When a program (which could be written in C, C++, Fortran, Python, or other) does floating point arithmetic, the various libraries that come with the programming environment know to look at a specific register in the floating point unit (FPU) to see if the previous floating point operation was successful. Years ago (up to about the late 80s or early 90s) personal computers did not come with an FPU - you could buy one as an add-on item if you were running programs that required lots of math calculations to be done quickly. Starting with one version of the Intel 486 processor (486DX), and continuing through the Intel Pentium and later series, and the comparable AMD processors, one or more FPUs are included onboard with the CPU.

The FPU has a Status Register that keeps track of a variety of faults, such as invalid arithmetic operation, divide-by-zero, numeric overflow, loss of precision, and serveral others. Without going into too much detail, an invalid arithmetic operation could be multiplication of 0 by a number whose bit pattern indicates that it is infinity.

Does it have a dictionary for operations (finite operations, convergent series) for finiteness and/or a dictionary for operations (division by zero, or divergent series, etc.) that will give infinite results? In integration, does it rely on a dictionary of standard integrals? If there is no dictionary, then how? For cases not in a dictionary, since it cannot actually use infinity, does it simply use a large number?

The FPU has separate bit patterns for +∞, -∞, as well as +0 and -0. Doing arithmetic on either of the ∞ values results in an exception being raised.

 

[jedishrfu]

Heres the wiki discussion on IEEE 754 standard

https://en.m.wikipedia.org/wiki/IEEE_754

Of interest is the sticky flags for a calculation goes out of bounds and how code must explicitly rest them which is handled by a languages support library.

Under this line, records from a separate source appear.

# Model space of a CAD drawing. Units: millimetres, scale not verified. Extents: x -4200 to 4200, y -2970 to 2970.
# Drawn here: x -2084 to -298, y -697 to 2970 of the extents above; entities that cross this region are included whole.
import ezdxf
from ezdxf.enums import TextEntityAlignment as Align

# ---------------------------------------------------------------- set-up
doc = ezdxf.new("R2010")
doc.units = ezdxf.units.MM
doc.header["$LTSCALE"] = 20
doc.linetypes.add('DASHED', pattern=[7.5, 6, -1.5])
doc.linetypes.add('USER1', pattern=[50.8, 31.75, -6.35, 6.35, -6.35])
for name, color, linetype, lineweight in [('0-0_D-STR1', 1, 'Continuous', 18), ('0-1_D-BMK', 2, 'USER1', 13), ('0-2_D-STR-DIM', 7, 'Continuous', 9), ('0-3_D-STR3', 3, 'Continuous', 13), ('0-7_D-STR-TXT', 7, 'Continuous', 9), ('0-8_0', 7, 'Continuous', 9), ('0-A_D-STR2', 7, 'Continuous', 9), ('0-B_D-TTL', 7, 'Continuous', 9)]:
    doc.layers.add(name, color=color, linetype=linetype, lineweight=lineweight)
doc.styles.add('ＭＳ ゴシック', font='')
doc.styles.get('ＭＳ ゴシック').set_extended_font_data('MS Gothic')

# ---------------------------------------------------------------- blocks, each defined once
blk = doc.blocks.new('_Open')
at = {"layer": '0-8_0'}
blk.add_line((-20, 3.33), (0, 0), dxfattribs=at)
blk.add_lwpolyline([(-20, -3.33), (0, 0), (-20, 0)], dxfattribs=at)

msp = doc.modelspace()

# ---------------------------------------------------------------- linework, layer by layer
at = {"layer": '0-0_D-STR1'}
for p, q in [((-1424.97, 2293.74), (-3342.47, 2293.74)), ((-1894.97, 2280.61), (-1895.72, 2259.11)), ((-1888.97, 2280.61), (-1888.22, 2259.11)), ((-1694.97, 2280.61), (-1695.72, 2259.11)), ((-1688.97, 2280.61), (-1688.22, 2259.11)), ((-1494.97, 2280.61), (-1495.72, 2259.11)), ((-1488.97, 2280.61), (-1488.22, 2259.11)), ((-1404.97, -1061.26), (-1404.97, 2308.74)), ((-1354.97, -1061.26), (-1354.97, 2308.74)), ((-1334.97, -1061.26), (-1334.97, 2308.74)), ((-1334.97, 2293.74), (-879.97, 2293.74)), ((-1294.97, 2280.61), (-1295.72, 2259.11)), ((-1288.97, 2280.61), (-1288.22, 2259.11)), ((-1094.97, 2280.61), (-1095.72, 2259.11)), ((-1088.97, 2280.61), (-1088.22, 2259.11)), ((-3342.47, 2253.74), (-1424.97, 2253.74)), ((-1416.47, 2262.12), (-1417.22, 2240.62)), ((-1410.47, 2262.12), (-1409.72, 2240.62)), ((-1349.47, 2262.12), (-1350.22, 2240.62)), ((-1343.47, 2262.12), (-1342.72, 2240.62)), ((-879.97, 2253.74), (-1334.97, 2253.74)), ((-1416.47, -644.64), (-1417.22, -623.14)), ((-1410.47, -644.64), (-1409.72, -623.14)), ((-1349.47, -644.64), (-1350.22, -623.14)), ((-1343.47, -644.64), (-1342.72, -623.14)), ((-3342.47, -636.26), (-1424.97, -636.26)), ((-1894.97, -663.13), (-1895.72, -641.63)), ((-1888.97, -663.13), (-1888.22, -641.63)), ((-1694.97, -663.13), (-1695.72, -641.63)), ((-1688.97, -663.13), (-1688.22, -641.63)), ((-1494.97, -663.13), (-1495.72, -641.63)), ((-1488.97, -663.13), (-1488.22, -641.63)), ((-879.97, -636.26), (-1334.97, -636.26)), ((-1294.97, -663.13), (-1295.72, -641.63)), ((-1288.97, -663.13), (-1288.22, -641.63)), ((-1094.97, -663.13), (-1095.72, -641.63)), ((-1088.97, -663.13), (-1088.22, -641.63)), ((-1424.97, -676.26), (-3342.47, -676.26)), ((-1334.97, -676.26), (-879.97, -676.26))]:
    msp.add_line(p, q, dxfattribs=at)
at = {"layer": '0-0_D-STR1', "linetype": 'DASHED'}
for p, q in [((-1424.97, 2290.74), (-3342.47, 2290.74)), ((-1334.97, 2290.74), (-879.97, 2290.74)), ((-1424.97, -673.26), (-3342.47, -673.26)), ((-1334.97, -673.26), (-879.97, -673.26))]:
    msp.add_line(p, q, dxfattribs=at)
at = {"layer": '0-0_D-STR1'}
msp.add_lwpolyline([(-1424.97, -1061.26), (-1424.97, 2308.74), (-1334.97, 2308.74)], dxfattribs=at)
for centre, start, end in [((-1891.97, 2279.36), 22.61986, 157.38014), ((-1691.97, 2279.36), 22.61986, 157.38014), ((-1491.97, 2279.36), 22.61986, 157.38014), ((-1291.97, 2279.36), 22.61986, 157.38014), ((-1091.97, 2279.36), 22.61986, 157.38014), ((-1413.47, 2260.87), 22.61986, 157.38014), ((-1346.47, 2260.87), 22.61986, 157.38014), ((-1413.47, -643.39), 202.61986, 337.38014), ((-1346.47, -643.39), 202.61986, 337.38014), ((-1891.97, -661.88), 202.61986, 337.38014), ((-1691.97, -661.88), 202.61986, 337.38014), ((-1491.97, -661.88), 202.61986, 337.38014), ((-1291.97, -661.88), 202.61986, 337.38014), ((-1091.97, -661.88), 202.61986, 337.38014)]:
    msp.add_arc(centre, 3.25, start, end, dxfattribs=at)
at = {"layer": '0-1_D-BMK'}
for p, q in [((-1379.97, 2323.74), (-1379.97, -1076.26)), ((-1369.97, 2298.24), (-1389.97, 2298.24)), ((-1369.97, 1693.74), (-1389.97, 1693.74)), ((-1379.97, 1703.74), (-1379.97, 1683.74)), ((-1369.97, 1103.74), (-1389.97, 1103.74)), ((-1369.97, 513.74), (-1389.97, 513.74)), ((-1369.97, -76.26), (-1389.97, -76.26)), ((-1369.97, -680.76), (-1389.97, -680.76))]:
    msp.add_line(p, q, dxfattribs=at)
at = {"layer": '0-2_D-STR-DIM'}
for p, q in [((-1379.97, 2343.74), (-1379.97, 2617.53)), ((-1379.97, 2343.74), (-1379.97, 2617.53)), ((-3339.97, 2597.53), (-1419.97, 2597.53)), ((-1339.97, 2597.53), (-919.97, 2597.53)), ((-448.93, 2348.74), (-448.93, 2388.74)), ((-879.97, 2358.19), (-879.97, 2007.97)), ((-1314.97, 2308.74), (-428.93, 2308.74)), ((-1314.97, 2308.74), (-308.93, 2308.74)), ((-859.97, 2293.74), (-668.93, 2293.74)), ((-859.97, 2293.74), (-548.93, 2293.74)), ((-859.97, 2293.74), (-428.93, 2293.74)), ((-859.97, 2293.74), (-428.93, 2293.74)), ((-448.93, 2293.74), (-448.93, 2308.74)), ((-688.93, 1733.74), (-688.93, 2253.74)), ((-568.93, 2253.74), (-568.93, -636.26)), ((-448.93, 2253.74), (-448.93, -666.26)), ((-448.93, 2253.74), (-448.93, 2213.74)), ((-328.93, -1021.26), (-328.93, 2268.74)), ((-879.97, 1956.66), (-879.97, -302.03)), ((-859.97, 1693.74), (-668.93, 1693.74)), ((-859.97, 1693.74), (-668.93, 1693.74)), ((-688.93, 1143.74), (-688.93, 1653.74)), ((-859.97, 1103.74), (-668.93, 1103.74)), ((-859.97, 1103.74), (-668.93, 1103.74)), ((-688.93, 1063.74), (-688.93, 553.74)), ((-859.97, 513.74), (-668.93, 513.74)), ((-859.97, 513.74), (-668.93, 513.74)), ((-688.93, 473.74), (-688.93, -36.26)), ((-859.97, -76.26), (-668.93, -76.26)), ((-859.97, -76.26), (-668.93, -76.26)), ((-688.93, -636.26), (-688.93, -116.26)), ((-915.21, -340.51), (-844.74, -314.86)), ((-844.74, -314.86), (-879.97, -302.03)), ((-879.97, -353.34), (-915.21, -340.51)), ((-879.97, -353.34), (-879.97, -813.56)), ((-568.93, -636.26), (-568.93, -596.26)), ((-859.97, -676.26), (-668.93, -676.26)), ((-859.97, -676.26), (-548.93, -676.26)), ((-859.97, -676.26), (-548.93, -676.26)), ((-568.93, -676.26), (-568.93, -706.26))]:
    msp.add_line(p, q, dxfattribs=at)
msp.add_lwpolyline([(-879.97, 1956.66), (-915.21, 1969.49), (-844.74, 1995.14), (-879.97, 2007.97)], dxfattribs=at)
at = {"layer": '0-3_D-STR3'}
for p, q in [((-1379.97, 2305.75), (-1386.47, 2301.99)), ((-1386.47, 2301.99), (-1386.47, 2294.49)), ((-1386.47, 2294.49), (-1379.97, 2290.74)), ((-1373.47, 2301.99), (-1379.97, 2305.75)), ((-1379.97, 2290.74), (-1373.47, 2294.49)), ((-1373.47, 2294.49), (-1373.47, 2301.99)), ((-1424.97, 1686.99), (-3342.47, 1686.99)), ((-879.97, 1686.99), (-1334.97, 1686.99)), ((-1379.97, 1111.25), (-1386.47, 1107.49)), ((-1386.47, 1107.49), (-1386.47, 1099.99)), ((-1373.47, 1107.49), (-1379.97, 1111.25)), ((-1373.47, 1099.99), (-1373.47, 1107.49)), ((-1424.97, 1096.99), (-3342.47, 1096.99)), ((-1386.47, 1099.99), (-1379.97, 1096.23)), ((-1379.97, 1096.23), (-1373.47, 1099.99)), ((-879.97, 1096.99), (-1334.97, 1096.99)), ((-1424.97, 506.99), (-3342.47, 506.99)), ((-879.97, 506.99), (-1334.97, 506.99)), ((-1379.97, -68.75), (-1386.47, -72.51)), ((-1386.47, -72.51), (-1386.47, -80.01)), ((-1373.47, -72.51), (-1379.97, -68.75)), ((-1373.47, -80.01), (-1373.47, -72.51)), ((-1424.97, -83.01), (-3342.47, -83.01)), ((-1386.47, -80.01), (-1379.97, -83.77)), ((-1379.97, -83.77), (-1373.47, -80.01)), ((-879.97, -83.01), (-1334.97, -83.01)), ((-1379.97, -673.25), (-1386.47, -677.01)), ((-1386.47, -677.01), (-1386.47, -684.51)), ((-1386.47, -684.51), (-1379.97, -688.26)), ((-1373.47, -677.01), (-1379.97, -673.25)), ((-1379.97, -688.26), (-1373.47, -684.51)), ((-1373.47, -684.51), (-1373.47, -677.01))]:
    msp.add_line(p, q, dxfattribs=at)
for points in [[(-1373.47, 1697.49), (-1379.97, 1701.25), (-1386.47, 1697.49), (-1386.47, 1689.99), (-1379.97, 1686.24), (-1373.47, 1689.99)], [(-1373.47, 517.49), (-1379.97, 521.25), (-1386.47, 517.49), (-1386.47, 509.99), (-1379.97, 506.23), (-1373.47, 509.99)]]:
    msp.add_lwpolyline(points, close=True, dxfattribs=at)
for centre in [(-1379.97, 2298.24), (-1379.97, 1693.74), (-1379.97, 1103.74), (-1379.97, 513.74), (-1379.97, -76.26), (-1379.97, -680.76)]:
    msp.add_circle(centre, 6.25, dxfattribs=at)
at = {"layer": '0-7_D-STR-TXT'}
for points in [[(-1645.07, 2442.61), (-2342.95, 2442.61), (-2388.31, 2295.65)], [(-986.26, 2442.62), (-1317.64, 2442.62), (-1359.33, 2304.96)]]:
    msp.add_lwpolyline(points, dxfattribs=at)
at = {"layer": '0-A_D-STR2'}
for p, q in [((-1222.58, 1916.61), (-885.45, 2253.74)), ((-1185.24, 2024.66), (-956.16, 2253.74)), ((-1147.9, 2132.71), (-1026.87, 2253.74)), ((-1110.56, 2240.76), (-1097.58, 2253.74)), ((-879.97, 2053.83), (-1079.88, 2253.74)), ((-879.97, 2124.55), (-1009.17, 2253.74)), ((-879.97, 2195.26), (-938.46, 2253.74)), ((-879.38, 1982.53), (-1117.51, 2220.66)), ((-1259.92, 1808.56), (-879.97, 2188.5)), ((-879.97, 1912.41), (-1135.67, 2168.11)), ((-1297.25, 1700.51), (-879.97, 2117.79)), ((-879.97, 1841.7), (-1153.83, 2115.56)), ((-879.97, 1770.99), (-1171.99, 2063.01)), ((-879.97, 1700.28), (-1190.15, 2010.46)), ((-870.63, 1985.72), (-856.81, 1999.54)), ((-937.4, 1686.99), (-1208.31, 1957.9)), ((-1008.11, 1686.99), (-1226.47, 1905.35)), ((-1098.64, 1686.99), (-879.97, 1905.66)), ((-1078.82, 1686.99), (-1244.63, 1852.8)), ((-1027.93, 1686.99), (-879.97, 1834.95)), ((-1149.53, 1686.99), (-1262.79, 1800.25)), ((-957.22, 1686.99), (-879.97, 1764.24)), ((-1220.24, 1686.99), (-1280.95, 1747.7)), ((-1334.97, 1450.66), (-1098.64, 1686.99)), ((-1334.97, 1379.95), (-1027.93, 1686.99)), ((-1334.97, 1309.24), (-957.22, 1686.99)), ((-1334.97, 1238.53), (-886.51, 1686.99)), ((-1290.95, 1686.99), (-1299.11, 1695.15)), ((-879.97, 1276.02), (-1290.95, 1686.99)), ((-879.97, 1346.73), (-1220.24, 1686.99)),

I couldn't find the actual bit pattern used for the infinities, NaN... But as i remember they were patterns that could never occur as a valid floating pt value and so wouldn't occur during a calculation. I think it something to do with leading zeros in the mantissa ie an unnormalized number.

 

[Mark44]

Heres the wiki discussion on IEEE 754 standard

https://en.m.wikipedia.org/wiki/IEEE_754

Of interest is the sticky flags for a calculation goes out of bounds and how code must explicitly rest them which is handled by a languages support library.

I couldn't find the actual bit pattern used for the infinities, NaN... But as i remember they were patterns that could never occur as a valid floating pt value and so wouldn't occur during a calculation. I think it something to do with leading zeros in the mantissa ie an unnormalized number.

From a table in the wiki page for IEEE 754-1985, single precision (32 bits) floating point numbers:
Positive infinity - sign bit 0, exponent (with bias) 1111 1111 mantissa 000 0000 0000 0000 0000 0000
Negative infinity -sign bit 1, exponent (with bias) 1111 1111 mantissa 000 0000 0000 0000 0000 0000
The only difference between the two infinities is the sign bit.

I would bet that the double precision and extended double precision representations are not much different, just more bits in each (64 and 80, respectively).